**Task brief:**
From the entries that follow, reproduce exactly and only the lines from the line with "#23=PLANE('',#22);" to the line with "#54=EDGE_CURVE('E255',#47,#29,#53,.T.);", endpoints included.

=====

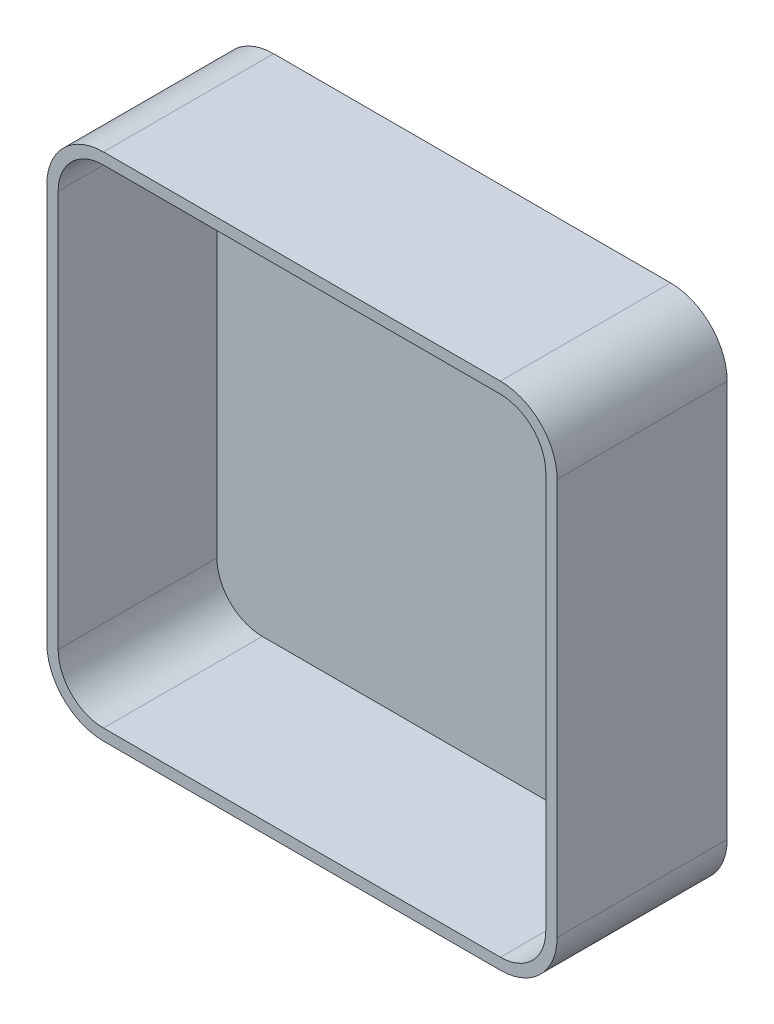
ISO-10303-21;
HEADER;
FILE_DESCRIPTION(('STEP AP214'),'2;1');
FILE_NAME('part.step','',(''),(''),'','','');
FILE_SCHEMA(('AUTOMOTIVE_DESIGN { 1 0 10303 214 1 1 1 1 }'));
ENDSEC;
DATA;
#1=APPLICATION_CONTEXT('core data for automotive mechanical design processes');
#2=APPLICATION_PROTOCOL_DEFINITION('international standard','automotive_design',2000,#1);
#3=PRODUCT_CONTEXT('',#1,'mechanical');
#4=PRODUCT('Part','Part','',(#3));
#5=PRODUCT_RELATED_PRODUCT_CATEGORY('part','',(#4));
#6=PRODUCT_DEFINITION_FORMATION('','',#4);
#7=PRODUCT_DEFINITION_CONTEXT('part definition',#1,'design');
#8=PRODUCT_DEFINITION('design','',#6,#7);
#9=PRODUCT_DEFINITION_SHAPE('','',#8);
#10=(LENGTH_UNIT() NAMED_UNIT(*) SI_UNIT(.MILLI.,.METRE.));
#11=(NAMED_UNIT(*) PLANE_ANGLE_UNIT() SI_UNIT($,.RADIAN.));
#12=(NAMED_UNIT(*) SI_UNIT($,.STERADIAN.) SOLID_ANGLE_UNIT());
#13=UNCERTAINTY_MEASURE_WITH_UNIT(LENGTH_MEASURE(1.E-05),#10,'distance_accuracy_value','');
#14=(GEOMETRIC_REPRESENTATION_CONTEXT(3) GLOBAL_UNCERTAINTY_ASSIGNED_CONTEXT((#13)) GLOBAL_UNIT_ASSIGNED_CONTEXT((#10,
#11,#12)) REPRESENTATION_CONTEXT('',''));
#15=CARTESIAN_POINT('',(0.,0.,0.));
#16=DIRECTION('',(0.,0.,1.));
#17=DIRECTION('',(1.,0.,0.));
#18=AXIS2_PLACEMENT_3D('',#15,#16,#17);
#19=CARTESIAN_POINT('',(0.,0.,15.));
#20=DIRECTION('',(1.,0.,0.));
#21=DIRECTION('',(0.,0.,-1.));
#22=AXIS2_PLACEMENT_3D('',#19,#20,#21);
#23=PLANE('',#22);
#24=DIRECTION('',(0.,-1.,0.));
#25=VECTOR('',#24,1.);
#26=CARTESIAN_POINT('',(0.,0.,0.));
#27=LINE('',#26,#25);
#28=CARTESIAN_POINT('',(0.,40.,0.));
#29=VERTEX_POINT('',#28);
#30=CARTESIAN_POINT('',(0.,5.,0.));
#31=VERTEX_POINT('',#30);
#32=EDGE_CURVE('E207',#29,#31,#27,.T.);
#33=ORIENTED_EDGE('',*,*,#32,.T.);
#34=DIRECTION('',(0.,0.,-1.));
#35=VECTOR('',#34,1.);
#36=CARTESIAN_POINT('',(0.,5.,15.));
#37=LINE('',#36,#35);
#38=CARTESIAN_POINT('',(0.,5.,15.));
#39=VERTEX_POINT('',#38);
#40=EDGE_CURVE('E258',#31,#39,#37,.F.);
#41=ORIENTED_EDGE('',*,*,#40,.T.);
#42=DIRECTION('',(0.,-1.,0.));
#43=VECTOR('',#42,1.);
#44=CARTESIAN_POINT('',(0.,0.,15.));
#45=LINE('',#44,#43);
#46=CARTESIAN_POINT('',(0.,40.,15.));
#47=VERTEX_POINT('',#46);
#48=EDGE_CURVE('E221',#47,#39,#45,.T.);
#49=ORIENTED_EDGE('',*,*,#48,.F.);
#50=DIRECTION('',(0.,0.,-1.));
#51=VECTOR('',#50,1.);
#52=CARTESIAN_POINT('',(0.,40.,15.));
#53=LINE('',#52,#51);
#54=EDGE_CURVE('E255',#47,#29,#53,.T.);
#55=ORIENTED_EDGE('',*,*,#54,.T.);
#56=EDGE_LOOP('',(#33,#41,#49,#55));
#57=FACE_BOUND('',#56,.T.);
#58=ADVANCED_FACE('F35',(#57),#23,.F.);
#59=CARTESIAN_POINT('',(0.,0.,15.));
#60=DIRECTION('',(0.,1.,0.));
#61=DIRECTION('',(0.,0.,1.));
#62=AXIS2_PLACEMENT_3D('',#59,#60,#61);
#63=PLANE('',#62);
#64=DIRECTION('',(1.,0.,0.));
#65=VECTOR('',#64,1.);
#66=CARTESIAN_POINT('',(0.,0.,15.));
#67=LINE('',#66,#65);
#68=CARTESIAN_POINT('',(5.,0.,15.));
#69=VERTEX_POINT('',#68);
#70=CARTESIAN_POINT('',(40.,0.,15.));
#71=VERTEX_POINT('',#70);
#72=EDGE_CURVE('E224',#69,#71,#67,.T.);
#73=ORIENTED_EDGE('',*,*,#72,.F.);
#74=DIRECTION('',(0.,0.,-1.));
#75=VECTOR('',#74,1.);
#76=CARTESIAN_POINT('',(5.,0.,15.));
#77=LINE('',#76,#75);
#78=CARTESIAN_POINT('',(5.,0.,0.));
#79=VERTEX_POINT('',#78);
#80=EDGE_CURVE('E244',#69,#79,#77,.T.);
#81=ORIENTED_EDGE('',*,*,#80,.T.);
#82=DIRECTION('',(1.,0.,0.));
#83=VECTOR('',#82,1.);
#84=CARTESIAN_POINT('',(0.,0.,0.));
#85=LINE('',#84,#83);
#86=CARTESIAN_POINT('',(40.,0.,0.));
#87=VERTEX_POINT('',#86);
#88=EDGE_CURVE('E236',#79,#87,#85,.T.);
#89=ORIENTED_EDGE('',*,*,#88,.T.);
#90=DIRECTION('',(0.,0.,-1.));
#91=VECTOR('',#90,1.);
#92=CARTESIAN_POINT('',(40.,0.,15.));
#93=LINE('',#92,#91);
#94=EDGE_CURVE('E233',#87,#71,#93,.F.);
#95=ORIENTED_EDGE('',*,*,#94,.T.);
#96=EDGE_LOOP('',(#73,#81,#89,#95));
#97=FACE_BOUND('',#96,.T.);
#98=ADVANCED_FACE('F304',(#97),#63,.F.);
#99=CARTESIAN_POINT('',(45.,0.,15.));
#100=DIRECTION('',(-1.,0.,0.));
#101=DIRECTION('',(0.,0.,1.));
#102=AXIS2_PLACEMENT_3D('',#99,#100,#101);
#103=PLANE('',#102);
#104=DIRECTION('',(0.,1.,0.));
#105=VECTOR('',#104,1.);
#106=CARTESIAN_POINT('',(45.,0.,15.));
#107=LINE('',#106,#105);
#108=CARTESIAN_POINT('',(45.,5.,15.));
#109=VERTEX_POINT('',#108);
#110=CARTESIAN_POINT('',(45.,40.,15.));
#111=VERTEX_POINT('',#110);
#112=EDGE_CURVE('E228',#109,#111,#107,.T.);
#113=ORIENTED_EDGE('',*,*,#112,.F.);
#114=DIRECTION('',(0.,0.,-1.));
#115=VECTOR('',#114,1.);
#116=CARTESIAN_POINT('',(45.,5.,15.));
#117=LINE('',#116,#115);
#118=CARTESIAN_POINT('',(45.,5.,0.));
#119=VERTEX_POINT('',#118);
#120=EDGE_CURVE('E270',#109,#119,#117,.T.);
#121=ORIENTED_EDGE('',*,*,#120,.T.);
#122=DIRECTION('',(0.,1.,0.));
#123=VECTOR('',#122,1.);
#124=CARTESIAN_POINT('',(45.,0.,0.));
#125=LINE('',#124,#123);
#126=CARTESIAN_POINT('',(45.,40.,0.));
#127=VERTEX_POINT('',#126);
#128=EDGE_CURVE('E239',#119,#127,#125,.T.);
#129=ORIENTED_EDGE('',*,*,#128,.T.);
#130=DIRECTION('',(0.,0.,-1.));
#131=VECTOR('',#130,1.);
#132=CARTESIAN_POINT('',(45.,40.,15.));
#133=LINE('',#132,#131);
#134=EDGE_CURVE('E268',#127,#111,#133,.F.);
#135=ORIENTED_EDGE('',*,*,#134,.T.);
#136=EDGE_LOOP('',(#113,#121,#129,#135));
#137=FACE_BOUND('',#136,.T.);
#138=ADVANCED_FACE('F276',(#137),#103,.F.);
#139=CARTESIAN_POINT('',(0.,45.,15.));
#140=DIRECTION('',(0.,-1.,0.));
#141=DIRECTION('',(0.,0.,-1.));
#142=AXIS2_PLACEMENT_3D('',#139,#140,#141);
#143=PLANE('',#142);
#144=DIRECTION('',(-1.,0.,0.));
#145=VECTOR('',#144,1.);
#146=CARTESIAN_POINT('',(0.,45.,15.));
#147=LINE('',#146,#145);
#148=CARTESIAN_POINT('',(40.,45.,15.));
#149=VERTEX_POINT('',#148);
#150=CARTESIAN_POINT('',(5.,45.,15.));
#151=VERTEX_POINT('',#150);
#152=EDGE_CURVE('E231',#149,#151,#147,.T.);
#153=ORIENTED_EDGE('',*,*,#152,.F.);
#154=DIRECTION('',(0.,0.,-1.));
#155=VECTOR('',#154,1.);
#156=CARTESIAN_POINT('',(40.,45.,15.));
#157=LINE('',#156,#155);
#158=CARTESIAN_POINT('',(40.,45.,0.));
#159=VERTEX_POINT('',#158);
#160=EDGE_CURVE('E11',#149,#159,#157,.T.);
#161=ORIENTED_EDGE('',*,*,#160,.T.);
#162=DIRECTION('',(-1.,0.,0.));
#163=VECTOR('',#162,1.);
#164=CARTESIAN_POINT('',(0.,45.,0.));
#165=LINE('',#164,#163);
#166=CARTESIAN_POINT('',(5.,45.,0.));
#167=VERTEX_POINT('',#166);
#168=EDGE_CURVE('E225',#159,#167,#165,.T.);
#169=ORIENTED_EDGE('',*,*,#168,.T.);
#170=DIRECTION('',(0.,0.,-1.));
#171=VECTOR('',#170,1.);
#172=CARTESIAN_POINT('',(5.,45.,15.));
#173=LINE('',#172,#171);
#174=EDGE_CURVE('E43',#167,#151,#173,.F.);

=====

**Exercise output:**
#23=PLANE('',#22);
#24=DIRECTION('',(0.,-1.,0.));
#25=VECTOR('',#24,1.);
#26=CARTESIAN_POINT('',(0.,0.,0.));
#27=LINE('',#26,#25);
#28=CARTESIAN_POINT('',(0.,40.,0.));
#29=VERTEX_POINT('',#28);
#30=CARTESIAN_POINT('',(0.,5.,0.));
#31=VERTEX_POINT('',#30);
#32=EDGE_CURVE('E207',#29,#31,#27,.T.);
#33=ORIENTED_EDGE('',*,*,#32,.T.);
#34=DIRECTION('',(0.,0.,-1.));
#35=VECTOR('',#34,1.);
#36=CARTESIAN_POINT('',(0.,5.,15.));
#37=LINE('',#36,#35);
#38=CARTESIAN_POINT('',(0.,5.,15.));
#39=VERTEX_POINT('',#38);
#40=EDGE_CURVE('E258',#31,#39,#37,.F.);
#41=ORIENTED_EDGE('',*,*,#40,.T.);
#42=DIRECTION('',(0.,-1.,0.));
#43=VECTOR('',#42,1.);
#44=CARTESIAN_POINT('',(0.,0.,15.));
#45=LINE('',#44,#43);
#46=CARTESIAN_POINT('',(0.,40.,15.));
#47=VERTEX_POINT('',#46);
#48=EDGE_CURVE('E221',#47,#39,#45,.T.);
#49=ORIENTED_EDGE('',*,*,#48,.F.);
#50=DIRECTION('',(0.,0.,-1.));
#51=VECTOR('',#50,1.);
#52=CARTESIAN_POINT('',(0.,40.,15.));
#53=LINE('',#52,#51);
#54=EDGE_CURVE('E255',#47,#29,#53,.T.);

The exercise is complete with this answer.